Can AI Hold Consistent Values? Stanford Researchers Probe LLM Consistency and Bias

New research tests large language models for consistency across diverse topics, revealing that while they handle neutral topics reliably, controversial issues lead to varied answers.

Image
Three identical chairs and one wildly different chair in a row

As large language models (LLMs) become increasingly woven into daily life — helping with everything from internet search to complex problem-solving — they’ve also faced scrutiny for potential bias. This begs deeper questions: Can an LLM have values and, if so, what values should it have? The answers aren’t abstract; they could shape how we build, interact, and trust these powerful tools. 

To find answers to these deeper questions, though, a Stanford research team had to start with a smaller question: They needed to learn whether LLMs are consistent in their answers. That is, do they give roughly the same answers every time they are asked a question? 

“You can’t really declare that a large language model is biased if it gives different answers when a question is rephrased, nuanced, or translated into other languages,” said Jared Moore, a doctoral candidate in computer science at Stanford who focuses on the ethics of artificial intelligence. He is first author of a new study on LLM consistency. 

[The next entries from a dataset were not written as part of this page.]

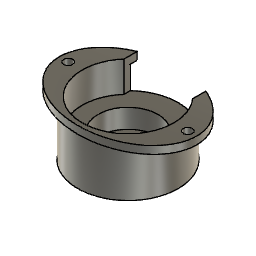
speaker_holder v1 (Autodesk Fusion 360 design; units mm, degrees)
Autodesk Fusion 360 part; units mm, degrees
sketch "Sketch1" plane through (0, 0, 0) normal (0, 0, 1) x (1, 0, 0)
  circle A0 centre (0, 0) radius 19.75
  dimension "d1" = 39.5
  constraint coincident A0.centre origin
  measures "d1" diameter of A0
extrude "Extrude1" add sketch "Sketch1" along normal blind 2
sketch "Sketch2" plane through (0, 0, 2) normal (0, 0, 1) x (-1, 0, 0)
  circle A0 centre (0, 0) radius 19.75
  circle A1 centre (0, 0) radius 11.75
  circle A2 centre (0, 0) radius 19.75
  dimension "d4" = 23.5
  constraint coincident A0.centre A1.centre
  measures "d4" diameter of A1
extrude "Extrude2" add sketch "Sketch2" along normal blind 7.5
sketch "Sketch3" plane through (0, 0, 9.5) normal (0, 0, 1) x (-1, 0, 0)
  circle A0 centre (0, 0) radius 11.75
  circle A1 centre (0, 0) radius 19.75
  circle A2 centre (0, 0) radius 19.75
  circle A3 centre (0, 0) radius 18
  dimension "d7" = 36
  constraint coincident A0.centre A1.centre
  measures "d7" diameter of A3
extrude "Extrude3" add sketch "Sketch3" along normal blind 12 contours A1 A2
sketch "Sketch4" plane through (0, 0, 21.5) normal (0, 0, 1) x (-1, 0, 0)
  circle A0 centre (0, 0) radius 18
  circle A1 centre (0, 0) radius 19.75
  circle A2 centre (0, 0) radius 19.75
  line L0 (-27, -19.75) -> (27, -19.75)
  line L1 (27, -19.75) -> (27, 19.75)
  line L2 (27, 19.75) -> (-27, 19.75)
  line L3 (-27, 19.75) -> (-27, -19.75)
  line L4 (-27, -19.75) -> (27, 19.75) construction
  line L5 (27, -19.75) -> (-27, 19.75) construction
  line L6 (-27, 0) -> (-23.5, 0)
  line L7 (27, 0) -> (23.5, 0)
  circle A3 centre (23.5, 0) radius 1.75
  circle A4 centre (-23.5, 0) radius 1.75
  dimension "d10" = 39.5
  dimension "d11" = 54
  dimension "d12" = 3.5
  dimension "d13" = 3.5
  dimension "d14" = 3.5
  dimension "d15" = 3.5
  constraint concentric A0 A2
  constraint horizontal L0
  constraint perpendicular L0 L1
  constraint parallel L0 L2
  constraint parallel L1 L3
  constraint coincident L4 A0.centre
  constraint coincident L5 A0.centre
  constraint coincident A0.centre A1.centre
  constraint midpoint L3 L6.start
  constraint perpendicular L3 L6
  constraint midpoint L1 L7.start
  constraint perpendicular L1 L7
  constraint coincident L7.end A3.centre
  constraint coincident L6.end A4.centre
  measures "d10" distance of L0.start L2.end
  measures "d11" distance of L1.end L2.end
  measures "d12" distance of L6.start L6.end
  measures "d13" distance of L7.start L7.end
  measures "d14" diameter of A3
  measures "d15" diameter of A4
extrude "Extrude4" add sketch "Sketch4" against normal blind 3 contours A1 A2 L0 L1 L2 | A1 A2 L0 L2 L3
sketch "Sketch5" plane through (0, 0, 21.5) normal (0, 0, 1) x (-1, 0, 0)
  circle A0 centre (23.5, 0) radius 1.75
  circle A1 centre (-23.5, 0) radius 1.75
  circle A2 centre (0, 0) radius 18
  line L0 (-27, -19.75) -> (27, -19.75)
  line L1 (27, -19.75) -> (27, 19.75)
  line L2 (27, 19.75) -> (-27, 19.75)
  line L3 (-27, 19.75) -> (-27, -19.75)
  ellipse E0 centre (0, 0) end of major axis (-27, 0) minor radius 19.75
  line L4 (27, 0) -> (-27, 0) construction
  line L5 (0, 19.75) -> (0, -19.75) construction
  line L6 (27, -19.75) -> (-27, -19.75)
  line L7 (-27, -19.75) -> (-27, 19.75)
  line L8 (-27, 19.75) -> (27, 19.75)
  line L9 (27, 19.75) -> (27, -19.75)
  constraint coincident E0 L4.start
  constraint coincident E0 L4.end
  constraint coincident E0 L5.start
  constraint coincident E0 L5.end
  constraint concentric A2 E0
  constraint perpendicular L3 L4
  constraint horizontal L6
  constraint vertical L7
  constraint horizontal L8
  constraint vertical L9
  constraint coincident L2.end L3.start
  constraint coincident L0.end L1.start
extrude "Extrude5" cut sketch "Sketch5" against normal blind 10 contours L0 L3 E0 L6 L7 | L0 L1 E0 L6 L9 | L2 L3 E0 L7 L8 | L1 L2 E0 L8 L9
ref_plane "WorkPlane1" through (0, 11.75, 7.4179) normal (0, -1, 0) x (-1, 0, 0)
ref_plane "WorkPlane2" through (0, 17.75, 7.4179) normal (0, -1, 0) x (-1, 0, 0)
sketch "Sketch6" plane through (0, 17.75, 0) normal (0, -1, 0) x (-1, 0, 0)
  line L0 (0, 0) -> (0, -15.5)
  line L1 (-30, -21.5) -> (30, -21.5)
  line L2 (30, -21.5) -> (30, -9.5)
  line L3 (30, -9.5) -> (-30, -9.5)
  line L4 (-30, -9.5) -> (-30, -21.5)
  line L5 (-30, -21.5) -> (30, -9.5) construction
  line L6 (30, -21.5) -> (-30, -9.5) construction
  line L7 (30, -21.5) -> (-30, -21.5)
  line L8 (-30, -21.5) -> (-30, -35.9601)
  line L9 (-30, -35.9601) -> (30, -35.9601)
  line L10 (30, -35.9601) -> (30, -21.5)
  point P0 (0, -15.5)
  dimension "d22" = 15.5
  dimension "d23" = 12
  dimension "d24" = 60
  dimension "d25" = 60
  constraint coincident L0.start origin
  constraint vertical L0
  constraint horizontal L1
  constraint perpendicular L1 L2
  constraint parallel L1 L3
  constraint parallel L2 L4
  constraint coincident L5 P0
  constraint coincident L6 P0
  constraint coincident P0 L0.end
  constraint horizontal L7
  constraint vertical L8
  constraint horizontal L9
  constraint vertical L10
  measures "d22" distance of L0.start P0
  measures "d23" distance of L1.start L3.end
  measures "d24" distance of L2.end L3.end
  measures "d25" distance of L8.end L9.end
extrude "Extrude6" cut sketch "Sketch6" against normal blind 20
sketch "Sketch7" plane through (0, 17.75, 0) normal (0, 1, 0) x (-1, 0, 0)
  line L0 (-8.6603, 18.5) -> (-8.6603, 9.5)
  line L1 (-8.6603, 9.5) -> (-2.9896, 9.5)
  line L2 (-2.9896, 9.5) -> (-2.9896, 21.5)
  line L3 (-2.9896, 21.5) -> (-11.8393, 21.5)
  line L4 (-11.8393, 21.5) -> (-11.8393, 18.5)
  line L5 (-11.8393, 18.5) -> (-8.6603, 18.5)
  line L6 (13.5, 23.7273) -> (-13.5, 23.7273)
  line L7 (-13.5, 23.7273) -> (-13.5, -4.7273)
  line L8 (-13.5, -4.7273) -> (13.5, -4.7273)
  line L9 (13.5, -4.7273) -> (13.5, 23.7273)
  line L10 (13.5, 23.7273) -> (-13.5, -4.7273) construction
  line L11 (-13.5, 23.7273) -> (13.5, -4.7273) construction
  line L12 (0, 9.5) -> (13.5, 9.5)
  line L13 (0, 9.5) -> (-13.5, 9.5)
  point P0 (0, 9.5)
  dimension "d28" = 27
  constraint horizontal L6
  constraint perpendicular L6 L7
  constraint parallel L6 L8
  constraint parallel L7 L9
  constraint coincident L10 P0
  constraint coincident L11 P0
  constraint coincident P0 L12.start
  constraint midpoint L9 L12.end
  constraint perpendicular L9 L12
  constraint midpoint L7 L13.end
  measures "d28" distance of L6.start L6.end
extrude "Extrude7" cut sketch "Sketch7" against normal blind 20 contours L0 L1 L2 L3 L4 L5 L13 | L0 L2 L3 L4 L5 L6 L7 L9 L12 L13

“If I say that a person has bias, that means they're going to act somewhat similarly in a variety of circumstances,” Moore said. “And that hadn't been established with language models.”

Nuanced Views

In the study, Moore and colleagues asked several leading LLMs a battery of 8,000 questions across 300 topic areas. Their queries included the paraphrasing of similar questions, asking follow-up, nuanced, or related questions within given topic areas, and translating their original English questions into Chinese, German, and Japanese to gauge just how consistent these models were.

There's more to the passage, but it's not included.